[Data extracted from a collection]
────────

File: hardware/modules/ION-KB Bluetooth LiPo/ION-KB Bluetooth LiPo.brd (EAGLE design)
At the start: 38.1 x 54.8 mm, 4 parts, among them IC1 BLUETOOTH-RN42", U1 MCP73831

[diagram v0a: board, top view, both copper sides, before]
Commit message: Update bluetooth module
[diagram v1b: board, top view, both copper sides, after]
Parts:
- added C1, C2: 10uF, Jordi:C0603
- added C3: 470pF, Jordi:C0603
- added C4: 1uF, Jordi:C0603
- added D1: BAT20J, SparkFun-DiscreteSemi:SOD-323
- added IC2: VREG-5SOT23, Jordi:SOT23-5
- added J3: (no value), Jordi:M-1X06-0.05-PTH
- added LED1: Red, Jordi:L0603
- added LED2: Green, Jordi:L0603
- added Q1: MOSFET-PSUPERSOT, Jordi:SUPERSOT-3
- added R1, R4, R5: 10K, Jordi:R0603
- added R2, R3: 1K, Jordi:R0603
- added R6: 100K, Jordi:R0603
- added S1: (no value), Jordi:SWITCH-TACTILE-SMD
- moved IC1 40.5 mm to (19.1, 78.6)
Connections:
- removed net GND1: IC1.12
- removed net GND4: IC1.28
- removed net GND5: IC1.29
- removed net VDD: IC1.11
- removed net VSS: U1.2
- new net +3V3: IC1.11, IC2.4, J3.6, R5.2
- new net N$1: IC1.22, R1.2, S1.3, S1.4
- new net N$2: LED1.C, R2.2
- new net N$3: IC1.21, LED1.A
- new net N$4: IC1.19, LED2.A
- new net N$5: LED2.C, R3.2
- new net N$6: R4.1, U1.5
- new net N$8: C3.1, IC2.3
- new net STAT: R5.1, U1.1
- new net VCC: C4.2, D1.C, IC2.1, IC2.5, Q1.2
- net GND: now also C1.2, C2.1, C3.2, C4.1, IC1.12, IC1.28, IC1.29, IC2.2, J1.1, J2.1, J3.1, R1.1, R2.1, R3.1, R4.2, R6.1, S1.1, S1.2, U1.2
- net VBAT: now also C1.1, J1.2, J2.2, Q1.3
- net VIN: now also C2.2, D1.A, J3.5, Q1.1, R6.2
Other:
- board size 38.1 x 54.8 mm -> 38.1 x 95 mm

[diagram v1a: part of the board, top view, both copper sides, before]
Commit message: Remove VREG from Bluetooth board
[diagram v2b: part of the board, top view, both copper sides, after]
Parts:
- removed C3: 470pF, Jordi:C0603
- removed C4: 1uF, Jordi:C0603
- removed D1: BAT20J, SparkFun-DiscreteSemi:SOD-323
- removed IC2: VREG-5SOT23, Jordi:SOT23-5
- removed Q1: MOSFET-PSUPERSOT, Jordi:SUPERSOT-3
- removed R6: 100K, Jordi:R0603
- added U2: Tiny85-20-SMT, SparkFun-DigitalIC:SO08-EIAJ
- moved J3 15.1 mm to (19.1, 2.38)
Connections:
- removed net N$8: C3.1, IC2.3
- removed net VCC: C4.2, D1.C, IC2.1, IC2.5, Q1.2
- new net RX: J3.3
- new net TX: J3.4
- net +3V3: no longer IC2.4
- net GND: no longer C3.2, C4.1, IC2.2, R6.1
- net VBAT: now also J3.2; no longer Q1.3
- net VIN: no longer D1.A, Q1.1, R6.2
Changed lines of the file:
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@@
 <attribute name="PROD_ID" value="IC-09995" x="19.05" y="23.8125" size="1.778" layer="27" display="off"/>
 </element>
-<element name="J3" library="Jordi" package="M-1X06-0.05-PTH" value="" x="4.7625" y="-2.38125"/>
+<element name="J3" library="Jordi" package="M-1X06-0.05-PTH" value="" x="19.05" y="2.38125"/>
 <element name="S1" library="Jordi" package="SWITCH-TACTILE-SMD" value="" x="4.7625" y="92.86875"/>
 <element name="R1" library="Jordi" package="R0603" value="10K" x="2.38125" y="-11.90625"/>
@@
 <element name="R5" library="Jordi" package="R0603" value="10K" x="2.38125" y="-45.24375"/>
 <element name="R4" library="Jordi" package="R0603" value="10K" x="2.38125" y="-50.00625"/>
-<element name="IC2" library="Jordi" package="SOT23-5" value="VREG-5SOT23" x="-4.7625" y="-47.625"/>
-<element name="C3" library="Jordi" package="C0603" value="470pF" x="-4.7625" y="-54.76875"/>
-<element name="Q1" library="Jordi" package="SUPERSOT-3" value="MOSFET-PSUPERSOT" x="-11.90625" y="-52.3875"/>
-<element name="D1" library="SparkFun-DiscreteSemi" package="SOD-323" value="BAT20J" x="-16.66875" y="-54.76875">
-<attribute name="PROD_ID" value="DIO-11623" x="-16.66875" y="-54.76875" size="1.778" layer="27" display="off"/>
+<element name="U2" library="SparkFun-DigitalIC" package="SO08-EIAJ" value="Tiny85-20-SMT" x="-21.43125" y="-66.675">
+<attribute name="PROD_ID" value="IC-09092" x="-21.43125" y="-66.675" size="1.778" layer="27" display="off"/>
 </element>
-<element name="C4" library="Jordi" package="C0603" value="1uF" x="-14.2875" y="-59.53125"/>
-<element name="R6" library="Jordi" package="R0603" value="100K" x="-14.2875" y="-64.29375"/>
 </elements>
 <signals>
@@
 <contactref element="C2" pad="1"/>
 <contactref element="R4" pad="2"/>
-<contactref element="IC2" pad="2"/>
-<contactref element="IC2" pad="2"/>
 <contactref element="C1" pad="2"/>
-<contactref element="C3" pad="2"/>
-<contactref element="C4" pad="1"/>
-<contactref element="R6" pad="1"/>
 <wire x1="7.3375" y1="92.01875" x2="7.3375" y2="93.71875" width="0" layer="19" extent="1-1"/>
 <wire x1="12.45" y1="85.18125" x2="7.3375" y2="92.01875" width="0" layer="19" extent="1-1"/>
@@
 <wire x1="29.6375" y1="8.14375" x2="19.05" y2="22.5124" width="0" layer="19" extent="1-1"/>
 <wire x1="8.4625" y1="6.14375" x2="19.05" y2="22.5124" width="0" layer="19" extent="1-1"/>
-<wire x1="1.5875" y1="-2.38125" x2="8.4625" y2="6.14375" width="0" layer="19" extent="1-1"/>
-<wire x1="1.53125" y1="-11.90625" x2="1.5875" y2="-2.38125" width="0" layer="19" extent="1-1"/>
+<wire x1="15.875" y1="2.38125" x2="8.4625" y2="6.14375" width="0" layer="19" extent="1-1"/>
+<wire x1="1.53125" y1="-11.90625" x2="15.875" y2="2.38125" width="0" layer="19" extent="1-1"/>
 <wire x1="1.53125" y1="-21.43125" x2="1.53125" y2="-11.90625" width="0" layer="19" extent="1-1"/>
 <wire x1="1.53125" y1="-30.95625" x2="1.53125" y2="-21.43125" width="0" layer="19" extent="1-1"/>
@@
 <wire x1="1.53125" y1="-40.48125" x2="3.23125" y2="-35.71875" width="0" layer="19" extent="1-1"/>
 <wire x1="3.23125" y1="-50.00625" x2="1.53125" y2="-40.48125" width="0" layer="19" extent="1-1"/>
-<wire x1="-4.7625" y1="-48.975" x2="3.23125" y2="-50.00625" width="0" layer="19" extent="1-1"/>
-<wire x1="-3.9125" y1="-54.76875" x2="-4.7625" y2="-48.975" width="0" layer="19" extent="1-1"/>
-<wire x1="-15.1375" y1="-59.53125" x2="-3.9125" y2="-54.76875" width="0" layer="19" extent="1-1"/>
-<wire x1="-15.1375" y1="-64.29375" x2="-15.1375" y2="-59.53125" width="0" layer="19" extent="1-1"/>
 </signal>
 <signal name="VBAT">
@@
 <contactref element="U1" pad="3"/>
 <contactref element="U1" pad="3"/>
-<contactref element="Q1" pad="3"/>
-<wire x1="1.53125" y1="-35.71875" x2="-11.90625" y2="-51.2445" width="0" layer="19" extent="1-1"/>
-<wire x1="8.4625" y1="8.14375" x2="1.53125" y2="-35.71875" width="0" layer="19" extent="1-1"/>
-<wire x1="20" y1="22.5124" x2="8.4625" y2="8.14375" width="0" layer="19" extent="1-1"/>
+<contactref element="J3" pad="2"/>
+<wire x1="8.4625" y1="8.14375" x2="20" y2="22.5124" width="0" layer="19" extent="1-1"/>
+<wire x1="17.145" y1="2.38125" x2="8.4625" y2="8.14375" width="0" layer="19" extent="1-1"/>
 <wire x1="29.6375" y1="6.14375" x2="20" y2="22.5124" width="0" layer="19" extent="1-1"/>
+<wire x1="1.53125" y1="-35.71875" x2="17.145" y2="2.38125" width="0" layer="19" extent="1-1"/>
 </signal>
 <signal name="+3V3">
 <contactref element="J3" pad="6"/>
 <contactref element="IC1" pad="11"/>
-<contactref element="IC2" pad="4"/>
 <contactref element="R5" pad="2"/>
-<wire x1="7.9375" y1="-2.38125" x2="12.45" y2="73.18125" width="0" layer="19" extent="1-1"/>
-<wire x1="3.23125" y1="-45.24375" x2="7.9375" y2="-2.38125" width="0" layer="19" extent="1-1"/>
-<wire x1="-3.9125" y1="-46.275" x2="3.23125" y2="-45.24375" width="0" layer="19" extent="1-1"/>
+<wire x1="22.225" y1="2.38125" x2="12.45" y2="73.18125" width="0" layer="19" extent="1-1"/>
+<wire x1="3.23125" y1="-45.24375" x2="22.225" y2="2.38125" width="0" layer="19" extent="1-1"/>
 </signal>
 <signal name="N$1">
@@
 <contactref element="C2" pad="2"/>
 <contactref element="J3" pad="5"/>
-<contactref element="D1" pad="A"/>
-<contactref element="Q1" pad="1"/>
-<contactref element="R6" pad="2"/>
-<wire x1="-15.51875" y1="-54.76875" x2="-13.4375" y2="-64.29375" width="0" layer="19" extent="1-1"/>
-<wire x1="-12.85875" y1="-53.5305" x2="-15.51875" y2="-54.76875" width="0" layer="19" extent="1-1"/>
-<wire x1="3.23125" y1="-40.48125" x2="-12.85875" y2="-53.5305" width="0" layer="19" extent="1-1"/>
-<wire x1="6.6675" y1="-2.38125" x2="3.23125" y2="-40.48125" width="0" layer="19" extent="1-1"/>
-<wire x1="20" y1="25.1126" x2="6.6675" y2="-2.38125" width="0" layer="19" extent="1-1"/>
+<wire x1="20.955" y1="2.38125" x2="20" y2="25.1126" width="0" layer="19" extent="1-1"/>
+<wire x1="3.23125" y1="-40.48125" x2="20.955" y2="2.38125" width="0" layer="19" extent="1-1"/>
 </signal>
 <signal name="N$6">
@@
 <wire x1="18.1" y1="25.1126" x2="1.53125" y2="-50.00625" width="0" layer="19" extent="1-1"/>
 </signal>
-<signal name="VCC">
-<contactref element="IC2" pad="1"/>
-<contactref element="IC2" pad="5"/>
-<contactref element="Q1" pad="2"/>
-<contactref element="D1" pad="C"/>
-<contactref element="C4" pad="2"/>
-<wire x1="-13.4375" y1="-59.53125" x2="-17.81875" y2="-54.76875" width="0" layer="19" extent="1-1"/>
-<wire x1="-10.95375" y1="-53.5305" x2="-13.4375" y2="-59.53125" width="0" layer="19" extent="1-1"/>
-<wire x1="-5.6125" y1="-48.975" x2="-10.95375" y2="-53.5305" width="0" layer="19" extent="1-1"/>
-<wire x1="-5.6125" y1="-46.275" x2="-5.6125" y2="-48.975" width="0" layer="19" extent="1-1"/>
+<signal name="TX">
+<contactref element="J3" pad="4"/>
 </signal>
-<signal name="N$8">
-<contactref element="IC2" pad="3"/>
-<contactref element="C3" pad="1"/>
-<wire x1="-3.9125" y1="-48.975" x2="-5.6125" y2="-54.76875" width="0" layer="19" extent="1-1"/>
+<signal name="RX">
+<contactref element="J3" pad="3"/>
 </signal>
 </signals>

────────

Activity: Please tally the lines of the entries that contain the string "TACTILE" and reply with the count alone.

Answer box: 2